Automation is not inherently bad. It makes sure that systems are prepared for attack, even when the IT team is literally sleeping. But it comes with a requirement of trust. Trust in CrowdStrike that they will fix threats before they can be exploited. Trust in CrowdStrike that their update will prevent malicious actors from successful exploitation. In this case, trust in CrowdStrike that the update will not cause other problems. To be clear, CrowdStrike did not err in trying to protect its clients from a new method of attack. They were doing their job. But the way CrowdStrike did so is where the danger lay, and this time, where they failed to execute successfully.
This isn’t a flaw in CrowdStrike, but in the broader security environment. Security companies have an incentive to encourage customers to buy more of their tools, attempting to become a one-stop shop for every client need. The problem arises in where this encourages an all-the-eggs-in-one-basket strategy, where redundancy and safeguards are reduced or eliminated due to the trust that must be placed in a single vendor.
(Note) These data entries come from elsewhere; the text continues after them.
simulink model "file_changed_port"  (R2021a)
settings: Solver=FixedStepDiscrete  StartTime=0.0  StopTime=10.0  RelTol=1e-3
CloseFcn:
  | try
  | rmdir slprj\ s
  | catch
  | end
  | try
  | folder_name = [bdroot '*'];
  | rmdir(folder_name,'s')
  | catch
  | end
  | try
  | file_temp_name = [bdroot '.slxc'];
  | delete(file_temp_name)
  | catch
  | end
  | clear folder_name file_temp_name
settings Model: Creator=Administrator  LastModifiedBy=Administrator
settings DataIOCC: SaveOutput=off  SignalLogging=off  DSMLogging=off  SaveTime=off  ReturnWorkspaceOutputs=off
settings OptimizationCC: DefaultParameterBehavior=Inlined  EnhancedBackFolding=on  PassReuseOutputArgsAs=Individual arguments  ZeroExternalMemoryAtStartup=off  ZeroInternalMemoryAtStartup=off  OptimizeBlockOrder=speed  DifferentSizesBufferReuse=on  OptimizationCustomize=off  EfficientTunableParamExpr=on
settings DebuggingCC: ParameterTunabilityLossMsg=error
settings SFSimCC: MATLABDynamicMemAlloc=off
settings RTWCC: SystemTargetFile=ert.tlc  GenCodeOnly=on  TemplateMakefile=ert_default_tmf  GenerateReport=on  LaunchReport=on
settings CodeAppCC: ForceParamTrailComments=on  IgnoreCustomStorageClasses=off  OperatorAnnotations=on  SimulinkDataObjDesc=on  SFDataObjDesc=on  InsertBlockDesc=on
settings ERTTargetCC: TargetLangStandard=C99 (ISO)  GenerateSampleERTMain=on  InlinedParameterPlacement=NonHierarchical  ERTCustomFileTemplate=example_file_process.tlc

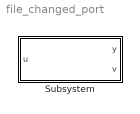
== system file_changed_port ==
  Subsystem : Subsystem  mask{gain=0, P=on}
      mask prompts: P "Sel"
      mask Callback P:
      | userdata = get(gcbh,'userdata');
      | state = get(gcbh,'P');
      | if ~strcmp(state,userdata)
      |         if strcmp(state,'on')
      |             replace_block([get(gcbh,'Parent') '/' get(gcbh, 'Name')],'Name', 'y','Outport','noprompt')
      |             set_param([gcb '/y'],'Port','1')
      |         end
      |         if strcmp(state,'off')
      |             replace_block([get(gcbh,'Parent') '/' get(gcbh, 'Name')],'Name', 'y','Terminator','noprompt')
      |         end
      | end
      | set(gcbh,'userdata',state);

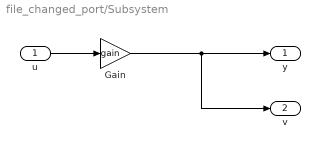
== system file_changed_port/Subsystem ==
  u : Inport
  Gain : Gain  Gain=gain
  y : Outport
  v : Outport  Port=2
  wires:
  u/1 -> Gain/1
  Gain/1 -> v/1, y/1
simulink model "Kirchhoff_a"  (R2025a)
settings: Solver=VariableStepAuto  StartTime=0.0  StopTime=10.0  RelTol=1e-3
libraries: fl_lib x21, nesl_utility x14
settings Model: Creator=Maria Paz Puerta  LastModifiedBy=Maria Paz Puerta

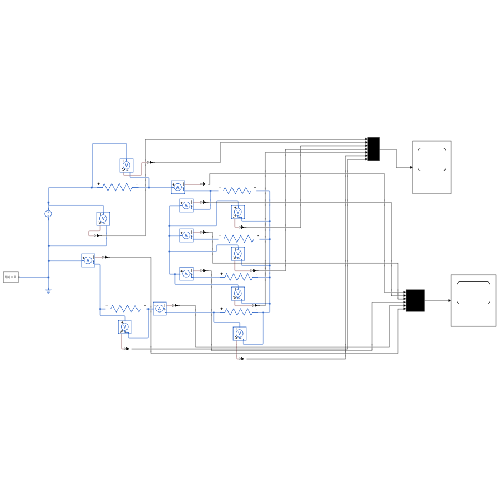
[thumbnail: Simulink's stored preview of the top-level diagram]
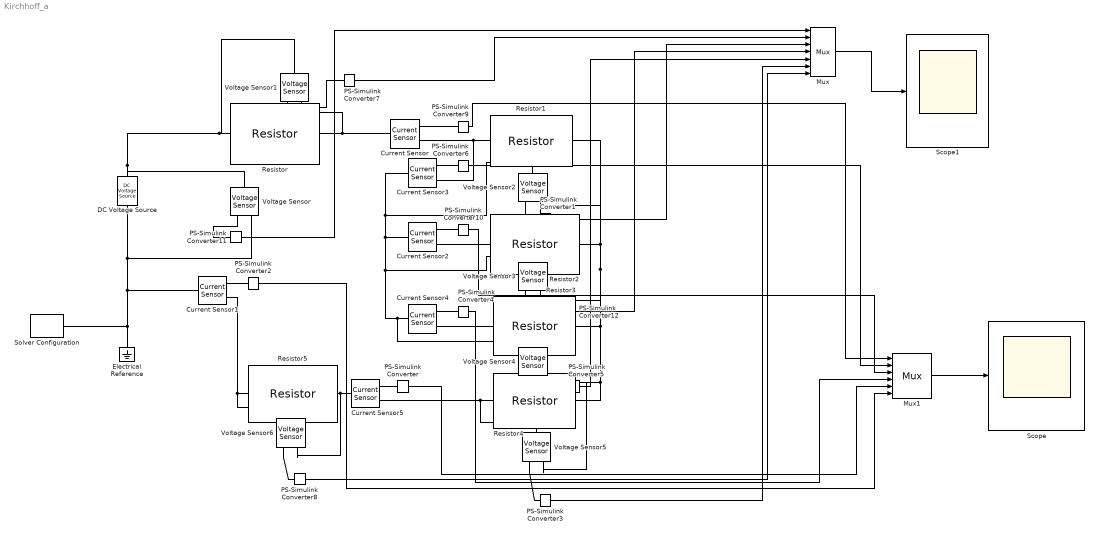
== system Kirchhoff_a ==
  Current Sensor{,1..5} (6 alike) : fl_lib/Electrical/Electrical Sensors/Current Sensor
  DC Voltage Source : fl_lib/Electrical/Electrical Sources/DC Voltage Source  v0=12 V
  Electrical Reference : fl_lib/Electrical/Electrical Elements/Electrical Reference
  Mux : Mux  Inputs=7
  Mux1 : Mux  Inputs=6
  PS-Simulink Converter{,1..12} (13 alike) : nesl_utility/PS-Simulink Converter  PhysicalDomain=network_engine_domain  SubClassName=ps_output  LeftPortType=input  RightPortType=output  PseudoPeriodic=off  Frequencies=[]  VectorFormat=inherit  Unit=inherit  AffineConversion=off
  Resistor : fl_lib/Electrical/Electrical Elements/Resistor  R=82 Ohm  i_specify=off  i_priority=None  i=0 A  i_nominal_specify=off  i_nominal_value=1  i_nominal_unit=A  v_specify=off  v_priority=None  v=0 V  v_nominal_specify=off  v_nominal_value=1  v_nominal_unit=V
  Resistor1 : fl_lib/Electrical/Electrical Elements/Resistor  R=100 Ohm  i_specify=off  i_priority=None  i=0 A  i_nominal_specify=off  i_nominal_value=1  i_nominal_unit=A  v_specify=off  v_priority=None  v=0 V  v_nominal_specify=off  v_nominal_value=1  v_nominal_unit=V
  Resistor2 : fl_lib/Electrical/Electrical Elements/Resistor  R=150 Ohm  i_specify=off  i_priority=None  i=0 A  i_nominal_specify=off  i_nominal_value=1  i_nominal_unit=A  v_specify=off  v_priority=None  v=0 V  v_nominal_specify=off  v_nominal_value=1  v_nominal_unit=V
  Resistor3 : fl_lib/Electrical/Electrical Elements/Resistor  R=330 Ohm  i_specify=off  i_priority=None  i=0 A  i_nominal_specify=off  i_nominal_value=1  i_nominal_unit=A  v_specify=off  v_priority=None  v=0 V  v_nominal_specify=off  v_nominal_value=1  v_nominal_unit=V
  Resistor4 : fl_lib/Electrical/Electrical Elements/Resistor  R=220 Ohm  i_specify=off  i_priority=None  i=0 A  i_nominal_specify=off  i_nominal_value=1  i_nominal_unit=A  v_specify=off  v_priority=None  v=0 V  v_nominal_specify=off  v_nominal_value=1  v_nominal_unit=V
  Resistor5 : fl_lib/Electrical/Electrical Elements/Resistor  R=100 Ohm  i_specify=off  i_priority=None  i=0 A  i_nominal_specify=off  i_nominal_value=1  i_nominal_unit=A  v_specify=off  v_priority=None  v=0 V  v_nominal_specify=off  v_nominal_value=1  v_nominal_unit=V
  Scope : Scope
      settings: ActiveDisplayYMinimum=-0.032491524158539051  ActiveDisplayYMaximum=0.031952383050344021
  Scope1 : Scope
      settings: Title=Voltaje en cada resistencia (Estado estacionario)  ActiveDisplayYMinimum=-7.3436315072270979  ActiveDisplayYMaximum=14.011407305402589  YLabel=Voltaje (V)
  Solver Configuration : nesl_utility/Solver Configuration  PhysicalDomain=network_engine_domain  SubClassName=solver  LeftPortType=input  RightPortType=generic  Tones=[]  Harmonics=[]  SimulateNoise=off  Profile=off  UseLocalSampling=off  EnableSwitchedLinearOptims=on  FrequencyDomain=off  UseCCode=off  RelTol=0.001  AbsTol=0.001  MinStep=1e-09  ToWorkspace=off  RevertToSquareIcSolve=off  NumHomotopyIterations=100  PhasorMode=off  PhasorModeNumHarmonics=1  ConsistencySolver=NEWTON_XTOL_AFTER_FTOL  IndexReductionMethod=DerivativeReplacement  DoDC=off  ResidualTolerance=1e-09  ConsistencyTolSource=GLOBAL  ConsistencyAbsTol=0.001  ConsistencyRelTol=0.001  ConsistencyTolFactor=0.001  UseLocalSolver=off  LocalSolverChoice=NE_BACKWARD_EULER_ADVANCER  ResolveIndetEquations=on  FunctionEvalNumThread=1  LocalSolverSampleTime=0.001  DoFixedCost=off  MaxNonlinIter=3  MaxModeIter=2  ComputeImpulses=off  ImpulseIterations=2  LinearAlgebra=auto  LinearAlgebraNumThread=0  EquationFormulation=NE_TIME_EF  DelaysMemoryBudget=1024  AutomaticFiltering=on  FilteringTimeConstant=0.001  PartitionStorageMethod=AS_NEEDED  PartitionMemoryBudget=1024  PartitionMethod=ROBUST  MultibodyUseLocalSolver=off  MultibodyLocalSolverChoice=ODE1  MultibodyLocalSolverSampleTime=0.001
  Voltage Sensor{,1..6} (7 alike) : fl_lib/Electrical/Electrical Sensors/Voltage Sensor
  wires:
  PS-Simulink Converter11/1 -> Mux/1
  PS-Simulink Converter7/1 -> Mux/2
  Mux/1 -> Scope1/1
  PS-Simulink Converter1/1 -> Mux/3
  PS-Simulink Converter12/1 -> Mux/4
  PS-Simulink Converter5/1 -> Mux/5
  PS-Simulink Converter3/1 -> Mux/6
  PS-Simulink Converter8/1 -> Mux/7
  PS-Simulink Converter9/1 -> Mux1/1
  PS-Simulink Converter6/1 -> Mux1/2
  PS-Simulink Converter10/1 -> Mux1/3
  PS-Simulink Converter4/1 -> Mux1/4
  PS-Simulink Converter/1 -> Mux1/5
  PS-Simulink Converter2/1 -> Mux1/6
  Mux1/1 -> Scope/1
  connections:
  DC Voltage Source/LConn1 -- Voltage Sensor/LConn1 -- Voltage Sensor1/LConn1 -- Resistor/LConn1
  DC Voltage Source/RConn1 -- Electrical Reference/LConn1 -- Solver Configuration/RConn1 -- Current Sensor1/LConn1 -- Voltage Sensor/RConn2
  Resistor1/LConn1 -- Current Sensor/RConn2 -- Current Sensor3/RConn2
  Resistor3/RConn1 -- Voltage Sensor5/RConn2 -- Resistor4/RConn1 -- Voltage Sensor4/RConn2 -- Voltage Sensor3/RConn2 -- Resistor1/RConn1 -- Voltage Sensor2/RConn2 -- Resistor2/RConn1
  Resistor/RConn1 -- Voltage Sensor1/RConn2 -- Current Sensor/LConn1
  Current Sensor2/RConn2 -- Resistor2/LConn1
  Current Sensor4/RConn2 -- Resistor3/LConn1
  Current Sensor2/LConn1 -- Current Sensor3/LConn1 -- Voltage Sensor2/LConn1 -- Voltage Sensor3/LConn1 -- Voltage Sensor4/LConn1 -- Current Sensor4/LConn1
  Resistor5/RConn1 -- Voltage Sensor6/RConn2 -- Current Sensor5/LConn1
  Resistor4/LConn1 -- Voltage Sensor5/LConn1 -- Current Sensor5/RConn2
  Resistor5/LConn1 -- Voltage Sensor6/LConn1 -- Current Sensor1/RConn2
  PS-Simulink Converter10/LConn1 -- Current Sensor2/RConn1
  PS-Simulink Converter9/LConn1 -- Current Sensor/RConn1
  PS-Simulink Converter6/LConn1 -- Current Sensor3/RConn1
  PS-Simulink Converter4/LConn1 -- Current Sensor4/RConn1
  PS-Simulink Converter2/LConn1 -- Current Sensor1/RConn1
  Voltage Sensor2/RConn1 -- PS-Simulink Converter1/LConn1
  Voltage Sensor1/RConn1 -- PS-Simulink Converter7/LConn1
  Voltage Sensor/RConn1 -- PS-Simulink Converter11/LConn1
  PS-Simulink Converter/LConn1 -- Current Sensor5/RConn1
  Voltage Sensor6/RConn1 -- PS-Simulink Converter8/LConn1
  Voltage Sensor5/RConn1 -- PS-Simulink Converter3/LConn1
  Voltage Sensor4/RConn1 -- PS-Simulink Converter5/LConn1
  Voltage Sensor3/RConn1 -- PS-Simulink Converter12/LConn1
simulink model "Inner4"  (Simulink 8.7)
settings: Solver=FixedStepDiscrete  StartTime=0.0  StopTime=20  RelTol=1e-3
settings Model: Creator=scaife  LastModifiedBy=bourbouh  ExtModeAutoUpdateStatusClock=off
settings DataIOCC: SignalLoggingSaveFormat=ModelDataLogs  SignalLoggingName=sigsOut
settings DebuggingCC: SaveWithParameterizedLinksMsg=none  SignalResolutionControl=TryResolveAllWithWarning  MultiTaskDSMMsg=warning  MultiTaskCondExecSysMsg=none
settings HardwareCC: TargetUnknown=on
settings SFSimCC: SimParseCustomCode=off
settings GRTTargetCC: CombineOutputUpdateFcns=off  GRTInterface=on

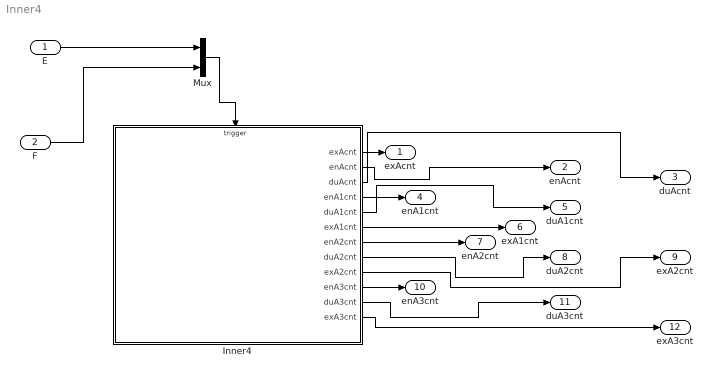
== system Inner4 ==
  E : Inport
  F : Inport  Port=2
  Inner4 : Stateflow chart  TreatAsAtomicUnit=on
  Mux : Mux  Inputs=2
  exAcnt : Outport
  enAcnt : Outport  Port=2
  duAcnt : Outport  Port=3
  enA1cnt : Outport  Port=4
  duA1cnt : Outport  Port=5
  exA1cnt : Outport  Port=6
  enA2cnt : Outport  Port=7
  duA2cnt : Outport  Port=8
  exA2cnt : Outport  Port=9
  enA3cnt : Outport  Port=10
  duA3cnt : Outport  Port=11
  exA3cnt : Outport  Port=12
  wires:
  Mux/1 -> Inner4/Trigger
  E/1 -> Mux/1
  F/1 -> Mux/2
  Inner4/1(exAcnt) -> exAcnt/1
  Inner4/2(enAcnt) -> enAcnt/1
  Inner4/3(duAcnt) -> duAcnt/1
  Inner4/4(enA1cnt) -> enA1cnt/1
  Inner4/5(duA1cnt) -> duA1cnt/1
  Inner4/6(exA1cnt) -> exA1cnt/1
  Inner4/7(enA2cnt) -> enA2cnt/1
  Inner4/8(duA2cnt) -> duA2cnt/1
  Inner4/9(exA2cnt) -> exA2cnt/1
  Inner4/12(exA3cnt) -> exA3cnt/1
  Inner4/10(enA3cnt) -> enA3cnt/1
  Inner4/11(duA3cnt) -> duA3cnt/1

== stateflow chart Inner4 ==
  state A/
    en: enAcnt++;
    du: duAcnt++;
    ex: exAcnt++;
    state A1/
      en: enA1cnt++;
      du: duA1cnt++;
      ex: exA1cnt++;
    state A2/
      en: enA2cnt++;
      du: duA2cnt++;
      ex: exA2cnt++;
    state A3/
      en: enA3cnt++;
      du: duA3cnt++;
      ex: exA3cnt++;
    (junction 7) -> A
    A1 -> (junction 7) [order 1] : E
    A3 -> (junction 7) [order 1] : E
    A2 -> (junction 7) [order 1] : E
    (default) -> A1
    A1 -> A2 [order 2] : F
    A2 -> A3 [order 2] : F
    A3 -> A1 [order 2] : F
  (default) -> A
  data: exAcnt output int32; enAcnt output int32; duAcnt output int32; enA1cnt output int32; duA1cnt output int32; exA1cnt output int32; enA2cnt output int32; duA2cnt output int32; exA2cnt output int32; enA3cnt output int32; duA3cnt output int32; exA3cnt output int32
  events: E input EITHER_EDGE_EVENT; F input EITHER_EDGE_EVENT

Agent and agentless systems, trust, and how to maintain it
Finally, this trust issue ties into the way that CrowdStrike and other EDR services operate through an agent-based model. CrowdStrike’s Falcon Sensor, the system that broke on Friday, is one such agent. In order to do their job, CrowdStrike’s agent needs to be on every system being protected, in order to detect malware, block exploits, and find indicators of attack. But in doing so, that strength can become a weakness. Every system with the Falcon Sensor installed was vulnerable to this flawed update, and all that were online to receive it were affected, 8.5 million of them. As we touched on above, Microsoft has associated the problem with its 2009 deal with the European Union, arguing that had CrowdStrike been only able to run in the user-space, rather than kernel level, such an incident could not occur. While some have tied a kernel panic issue that occurred on Linux machines running CrowdStrike’s Falcon Sensor in April, in some Red Hat and Debian linux distros, it appears that it was actually a Linux kernel bug operating in user-space that caused the problem. Rather than undercutting Microsoft’s claim, it seems to lend credence to it, as MacOS devices, which have not allowed third-party kernel access since 2020, were not affected.
While there will always be a need for agent-based models such as how CrowdStrike operates, there is potential for change in the wake of this incident. We may see a push by Microsoft to revert back to before its 2009 agreement in order to reclaim exclusive access to kernel-level operations, or we may see a shift in how much security teams are willing to trust third-party vendors to operate in that space, instead moving to a user-space level API model. Finally, another alternative exists, with not every system having a tool like the Falcon Sensor installed and instead providing agentless detection and remediation capabilities, in cases where that is a possibility.
Both options, agents, and agentless, require a significant amount of trust. Either in installing software from a trusted third-party vendor at an incredibly deep level across the enterprise, or trusting a third-party like SixMap to remotely access a system and deploy a patch to a production environment without using agents. It remains to be seen when we look back on this incident 5 years from now if there is a shift away from kernel-level access for security products and how much the security landscape evolves in terms of agent versus agentless approaches.